Now 11 months later I find they have tied me to a 2 year contract.  Can they do this without informing me at the time.
Browtal


----------



## Leo (5 Jan 2015)

browtal said:


> Last February I phoned Airtricity to say I was considering changing my supplier for Gas & Electricity. They said they were reducing my rate.
> 
> Now 11 months later I find they have tied me to a 2 year contract.  Can they do this without informing me at the time.
> Browtal



They will likely have mentioned this, possibly at haste with a lot of the other small print details while on the call. 
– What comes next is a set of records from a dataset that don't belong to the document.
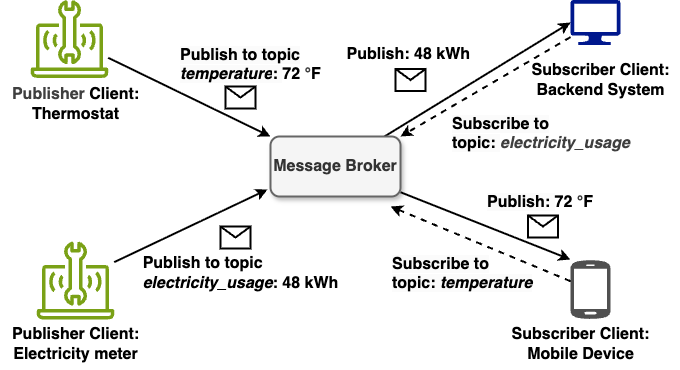

The diagram above was exported from draw.io. Its source (the exported page's mxGraphModel, read from the mxfile embedded in the PNG):
<mxGraphModel dx="1086" dy="490" grid="1" gridSize="10" guides="1" tooltips="1" connect="1" arrows="1" fold="1" page="1" pageScale="1" pageWidth="850" pageHeight="1100" math="0" shadow="0">
  <root>
    <mxCell id="0" />
    <mxCell id="1" parent="0" />
    <mxCell id="16" style="edgeStyle=none;html=1;dashed=1;strokeWidth=2;fontSize=16;" parent="1" source="2" edge="1">
      <mxGeometry relative="1" as="geometry">
        <mxPoint x="540" y="330" as="targetPoint" />
      </mxGeometry>
    </mxCell>
    <mxCell id="2" value="" style="sketch=0;pointerEvents=1;shadow=0;dashed=0;html=1;strokeColor=none;fillColor=#505050;labelPosition=center;verticalLabelPosition=bottom;verticalAlign=top;outlineConnect=0;align=center;shape=mxgraph.office.devices.cell_phone_android_proportional;strokeWidth=2;fontSize=16;" parent="1" vertex="1">
      <mxGeometry x="720" y="383" width="40" height="60" as="geometry" />
    </mxCell>
    <mxCell id="10" style="edgeStyle=none;html=1;entryX=0;entryY=0.5;entryDx=0;entryDy=0;entryPerimeter=0;strokeWidth=2;fontSize=16;" parent="1" source="3" target="4" edge="1">
      <mxGeometry relative="1" as="geometry">
        <mxPoint x="640" y="170" as="targetPoint" />
      </mxGeometry>
    </mxCell>
    <mxCell id="12" style="edgeStyle=none;html=1;entryX=0;entryY=0;entryDx=0;entryDy=0;entryPerimeter=0;strokeWidth=2;fontSize=16;" parent="1" source="3" target="2" edge="1">
      <mxGeometry relative="1" as="geometry" />
    </mxCell>
    <mxCell id="3" value="&lt;font&gt;&lt;b&gt;Message Broker&lt;/b&gt;&lt;/font&gt;" style="rounded=1;whiteSpace=wrap;html=1;shadow=1;fillColor=#f5f5f5;strokeColor=#666666;fontColor=#333333;strokeWidth=2;fontSize=16;" parent="1" vertex="1">
      <mxGeometry x="420" y="260" width="130" height="60" as="geometry" />
    </mxCell>
    <mxCell id="13" style="edgeStyle=none;html=1;entryX=1;entryY=0;entryDx=0;entryDy=0;dashed=1;strokeWidth=2;fontSize=16;" parent="1" source="4" target="3" edge="1">
      <mxGeometry relative="1" as="geometry" />
    </mxCell>
    <mxCell id="4" value="" style="sketch=0;aspect=fixed;pointerEvents=1;shadow=0;dashed=0;html=1;strokeColor=none;labelPosition=center;verticalLabelPosition=bottom;verticalAlign=top;align=center;fillColor=#00188D;shape=mxgraph.azure.computer;strokeWidth=2;fontSize=16;" parent="1" vertex="1">
      <mxGeometry x="720" y="123.5" width="50" height="45" as="geometry" />
    </mxCell>
    <mxCell id="9" style="edgeStyle=none;html=1;entryX=0;entryY=0;entryDx=0;entryDy=0;strokeWidth=2;fontSize=16;" parent="1" source="5" target="3" edge="1">
      <mxGeometry relative="1" as="geometry" />
    </mxCell>
    <mxCell id="5" value="" style="sketch=0;outlineConnect=0;fontColor=#232F3E;gradientColor=none;fillColor=#7AA116;strokeColor=none;dashed=0;verticalLabelPosition=bottom;verticalAlign=top;align=center;html=1;fontSize=16;fontStyle=0;aspect=fixed;pointerEvents=1;shape=mxgraph.aws4.iot_device_tester;strokeWidth=2;" parent="1" vertex="1">
      <mxGeometry x="180" y="123.5" width="78" height="78" as="geometry" />
    </mxCell>
    <mxCell id="6" value="" style="sketch=0;outlineConnect=0;fontColor=#232F3E;gradientColor=none;fillColor=#7AA116;strokeColor=none;dashed=0;verticalLabelPosition=bottom;verticalAlign=top;align=center;html=1;fontSize=16;fontStyle=0;aspect=fixed;pointerEvents=1;shape=mxgraph.aws4.iot_device_tester;strokeWidth=2;" parent="1" vertex="1">
      <mxGeometry x="186" y="365" width="78" height="78" as="geometry" />
    </mxCell>
    <mxCell id="8" style="edgeStyle=none;html=1;entryX=-0.023;entryY=0.883;entryDx=0;entryDy=0;entryPerimeter=0;strokeWidth=2;fontSize=16;" parent="1" source="6" target="3" edge="1">
      <mxGeometry relative="1" as="geometry" />
    </mxCell>
    <mxCell id="17" value="" style="shape=message;html=1;html=1;outlineConnect=0;labelPosition=center;verticalLabelPosition=bottom;align=center;verticalAlign=top;strokeWidth=2;fontSize=16;" parent="1" vertex="1">
      <mxGeometry x="375" y="210" width="30" height="22" as="geometry" />
    </mxCell>
    <mxCell id="20" value="" style="shape=message;html=1;html=1;outlineConnect=0;labelPosition=center;verticalLabelPosition=bottom;align=center;verticalAlign=top;strokeWidth=2;fontSize=16;" parent="1" vertex="1">
      <mxGeometry x="370" y="350" width="30" height="22" as="geometry" />
    </mxCell>
    <mxCell id="21" value="&lt;div style=&quot;text-align: start;&quot;&gt;&lt;b&gt;&lt;span style=&quot;background-color: transparent;&quot;&gt;Publish to topic &lt;br&gt;&lt;i&gt;electricity_usage&lt;/i&gt;:&amp;nbsp;48 &lt;/span&gt;&lt;font face=&quot;sans-serif&quot;&gt;&lt;span style=&quot;text-wrap-mode: wrap; background-color: rgb(255, 255, 255);&quot;&gt;kWh&lt;/span&gt;&lt;/font&gt;&lt;/b&gt;&lt;/div&gt;" style="text;html=1;align=center;verticalAlign=middle;resizable=0;points=[];autosize=1;strokeColor=none;fillColor=none;strokeWidth=2;fontSize=16;" parent="1" vertex="1">
      <mxGeometry x="280" y="372" width="220" height="50" as="geometry" />
    </mxCell>
    <mxCell id="22" value="&lt;b&gt;Publish: 48 kWh&amp;nbsp;&lt;/b&gt;" style="text;html=1;align=center;verticalAlign=middle;resizable=0;points=[];autosize=1;strokeColor=none;fillColor=none;strokeWidth=2;fontSize=16;" parent="1" vertex="1">
      <mxGeometry x="485" y="162.5" width="150" height="30" as="geometry" />
    </mxCell>
    <mxCell id="23" value="&lt;b&gt;&lt;span style=&quot;color: rgb(0, 0, 0); font-family: Helvetica; font-variant-ligatures: normal; font-variant-caps: normal; letter-spacing: normal; orphans: 2; text-align: center; text-indent: 0px; text-transform: none; widows: 2; word-spacing: 0px; -webkit-text-stroke-width: 0px; white-space: nowrap; background-color: rgb(251, 251, 251); text-decoration-thickness: initial; text-decoration-style: initial; text-decoration-color: initial; float: none; display: inline !important;&quot;&gt;Publish to topic&lt;br&gt;&lt;i&gt;temperature&lt;/i&gt;&lt;/span&gt;&lt;span style=&quot;color: rgb(0, 0, 0); font-family: Helvetica; font-style: normal; font-variant-ligatures: normal; font-variant-caps: normal; letter-spacing: normal; orphans: 2; text-align: center; text-indent: 0px; text-transform: none; widows: 2; word-spacing: 0px; -webkit-text-stroke-width: 0px; white-space: nowrap; background-color: rgb(251, 251, 251); text-decoration-thickness: initial; text-decoration-style: initial; text-decoration-color: initial; float: none; display: inline !important;&quot;&gt;:&amp;nbsp;&lt;/span&gt;&lt;span style=&quot;color: rgb(0, 0, 0); text-align: center; text-wrap-mode: nowrap;&quot;&gt;72&amp;nbsp;&lt;/span&gt;&lt;span style=&quot;scrollbar-color: rgb(226, 226, 226) rgb(251, 251, 251); font-family: sans-serif; background-color: rgb(255, 255, 255); color: rgb(32, 33, 34);&quot;&gt;&lt;font style=&quot;color: rgb(63, 63, 63); scrollbar-color: rgb(226, 226, 226) rgb(251, 251, 251);&quot;&gt;°&lt;/font&gt;&lt;/span&gt;&lt;span style=&quot;color: rgb(0, 0, 0); text-align: center; text-wrap-mode: nowrap;&quot;&gt;F&lt;/span&gt;&lt;/b&gt;" style="text;whiteSpace=wrap;html=1;strokeWidth=2;fontSize=16;" parent="1" vertex="1">
      <mxGeometry x="327.5" y="162.5" width="125" height="21" as="geometry" />
    </mxCell>
    <mxCell id="27" value="&lt;span style=&quot;color: rgb(0, 0, 0); font-family: Helvetica; font-variant-ligatures: normal; font-variant-caps: normal; letter-spacing: normal; orphans: 2; text-align: center; text-indent: 0px; text-transform: none; widows: 2; word-spacing: 0px; -webkit-text-stroke-width: 0px; white-space: nowrap; background-color: rgb(251, 251, 251); text-decoration-thickness: initial; text-decoration-style: initial; text-decoration-color: initial; float: none; display: inline !important;&quot;&gt;&lt;b&gt;Subscribe to &lt;br&gt;topic: &lt;i&gt;temperature&lt;/i&gt;&lt;/b&gt;&lt;/span&gt;" style="text;whiteSpace=wrap;html=1;strokeWidth=2;fontSize=16;" parent="1" vertex="1">
      <mxGeometry x="540" y="372" width="125" height="21" as="geometry" />
    </mxCell>
    <mxCell id="30" value="&lt;b&gt;&lt;span style=&quot;color: rgb(0, 0, 0); font-family: Helvetica; font-style: normal; font-variant-ligatures: normal; font-variant-caps: normal; letter-spacing: normal; orphans: 2; text-align: center; text-indent: 0px; text-transform: none; widows: 2; word-spacing: 0px; -webkit-text-stroke-width: 0px; white-space: nowrap; background-color: rgb(251, 251, 251); text-decoration-thickness: initial; text-decoration-style: initial; text-decoration-color: initial; float: none; display: inline !important;&quot;&gt;Publish:&amp;nbsp;&lt;/span&gt;&lt;span style=&quot;color: rgb(0, 0, 0); text-align: center; text-wrap-mode: nowrap;&quot;&gt;72&amp;nbsp;&lt;/span&gt;&lt;span style=&quot;scrollbar-color: rgb(226, 226, 226) rgb(251, 251, 251); font-family: sans-serif; background-color: rgb(255, 255, 255); color: rgb(32, 33, 34);&quot;&gt;&lt;font style=&quot;color: rgb(63, 63, 63); scrollbar-color: rgb(226, 226, 226) rgb(251, 251, 251);&quot;&gt;°&lt;/font&gt;&lt;/span&gt;&lt;span style=&quot;color: rgb(0, 0, 0); text-align: center; text-wrap-mode: nowrap;&quot;&gt;F&lt;/span&gt;&lt;/b&gt;" style="text;whiteSpace=wrap;html=1;strokeWidth=2;fontSize=16;" parent="1" vertex="1">
      <mxGeometry x="635" y="310" width="125" height="21" as="geometry" />
    </mxCell>
    <mxCell id="31" value="&lt;b&gt;&lt;span style=&quot;color: rgb(0, 0, 0); font-family: Helvetica; font-style: normal; font-variant-ligatures: normal; font-variant-caps: normal; letter-spacing: normal; orphans: 2; text-align: center; text-indent: 0px; text-transform: none; widows: 2; word-spacing: 0px; -webkit-text-stroke-width: 0px; white-space: nowrap; background-color: rgb(251, 251, 251); text-decoration-thickness: initial; text-decoration-style: initial; text-decoration-color: initial; float: none; display: inline !important;&quot;&gt;Subscribe to &lt;br&gt;topic:&amp;nbsp;&lt;/span&gt;&lt;/b&gt;&lt;b style=&quot;color: rgb(63, 63, 63); scrollbar-color: rgb(226, 226, 226) rgb(251, 251, 251); text-wrap-mode: nowrap;&quot;&gt;&lt;span style=&quot;color: rgb(63, 63, 63); scrollbar-color: rgb(226, 226, 226) rgb(251, 251, 251); background-color: transparent;&quot;&gt;&lt;i style=&quot;color: rgb(63, 63, 63); scrollbar-color: rgb(226, 226, 226) rgb(251, 251, 251);&quot;&gt;electricity_usage&lt;/i&gt;&lt;/span&gt;&lt;/b&gt;" style="text;whiteSpace=wrap;html=1;strokeWidth=2;fontSize=16;" parent="1" vertex="1">
      <mxGeometry x="600" y="232" width="150" height="38" as="geometry" />
    </mxCell>
    <mxCell id="35" value="" style="shape=message;html=1;html=1;outlineConnect=0;labelPosition=center;verticalLabelPosition=bottom;align=center;verticalAlign=top;strokeWidth=2;fontSize=16;" parent="1" vertex="1">
      <mxGeometry x="545" y="192.5" width="30" height="22" as="geometry" />
    </mxCell>
    <mxCell id="36" value="" style="shape=message;html=1;html=1;outlineConnect=0;labelPosition=center;verticalLabelPosition=bottom;align=center;verticalAlign=top;strokeWidth=2;fontSize=16;" parent="1" vertex="1">
      <mxGeometry x="677.5" y="339" width="30" height="22" as="geometry" />
    </mxCell>
    <mxCell id="39" value="&lt;b&gt;Publisher Client: &lt;br&gt;Electricity meter&lt;/b&gt;" style="text;html=1;align=center;verticalAlign=middle;resizable=0;points=[];autosize=1;strokeColor=none;fillColor=none;fontSize=16;" parent="1" vertex="1">
      <mxGeometry x="150" y="443" width="150" height="50" as="geometry" />
    </mxCell>
    <mxCell id="42" value="&lt;b style=&quot;color: rgb(63, 63, 63); scrollbar-color: rgb(226, 226, 226) rgb(251, 251, 251);&quot;&gt;Publisher&amp;nbsp;&lt;/b&gt;&lt;b&gt;Client: &lt;br&gt;Thermostat&lt;/b&gt;" style="text;html=1;align=center;verticalAlign=middle;resizable=0;points=[];autosize=1;strokeColor=none;fillColor=none;fontSize=16;" parent="1" vertex="1">
      <mxGeometry x="150" y="203" width="150" height="50" as="geometry" />
    </mxCell>
    <mxCell id="43" value="&lt;b&gt;Subscriber Client: &lt;br&gt;Mobile Device&lt;/b&gt;" style="text;html=1;align=center;verticalAlign=middle;resizable=0;points=[];autosize=1;strokeColor=none;fillColor=none;fontSize=16;" parent="1" vertex="1">
      <mxGeometry x="650" y="443" width="160" height="50" as="geometry" />
    </mxCell>
    <mxCell id="44" value="&lt;b&gt;Subscriber Client: &lt;br&gt;Backend System&lt;/b&gt;" style="text;html=1;align=center;verticalAlign=middle;resizable=0;points=[];autosize=1;strokeColor=none;fillColor=none;fontSize=16;" parent="1" vertex="1">
      <mxGeometry x="670" y="178.5" width="160" height="50" as="geometry" />
    </mxCell>
  </root>
</mxGraphModel>

You can ask them to provide proof of your agreement to the 24 month period.


----------



## paddi (5 Jan 2015)

we were going to switch to energia and had talked through the process with the energia salesman. Switch was very simple and took 10 mins. He advised switching every year to a different provider to keep the cheapest rates. Electric Ireland called us back and offered us a great deal if we stayed, much cheaper unit rate, reduced standing charge and 50 euro off first bill. As we were in the cooling off period of 14 days, we could cancel the energia. Guy from EI explained how they were never allowed to contact customers who were leaving before off offer deals to stay, but legislation changes mean they can now.  Might be worth threatening to leav EI and see what deal they can give you?


----------



## IrishGunner (28 Jan 2015)

I am currently with Bord Gáis Energy for both gas and Electricity. Checked over at bonkers for comparisons and was going to switch. However with fuel prices coming down and companies reducing prices in March is it better to hold of the switch until March and compare again?


----------



## michaelm (28 Jan 2015)

Personally I wouldn't wait.  If I was switching today I'd probably go Flogas for gas and Airtricity (€35 first bill discount, ends Jan 31st) for electric.


----------



## thedaddyman (28 Jan 2015)

browtal said:


> Last February I phoned Airtricity to say I was considering changing my supplier for Gas & Electricity. They said they were reducing my rate.
> 
> Now 11 months later I find they have tied me to a 2 year contract.  Can they do this without informing me at the time.
> Browtal


 
I renegotiated my  TV rates with UPC last week and they made it quite clear to me that this was tying me in for another 12 months. I would have thought Airtricity should have done the same


----------



## michaelm (28 Jan 2015)

Looking at Bonkers.ie suggests that Flogas may be cheaper than Energia for gas.


----------



## Leo (29 Jan 2015)

Remember to check the supplier sites as well before making a final decision. The likes of Bonkers aren't always up to date with the latest offers.


----------



## adox (29 Jan 2015)

I've just switched using Bonkers. Had both my gas and electricity with Bord Gais. Switched gas to Flogas and electricity to Electric Ireland. 

Total saving for 12 months approx €200.


----------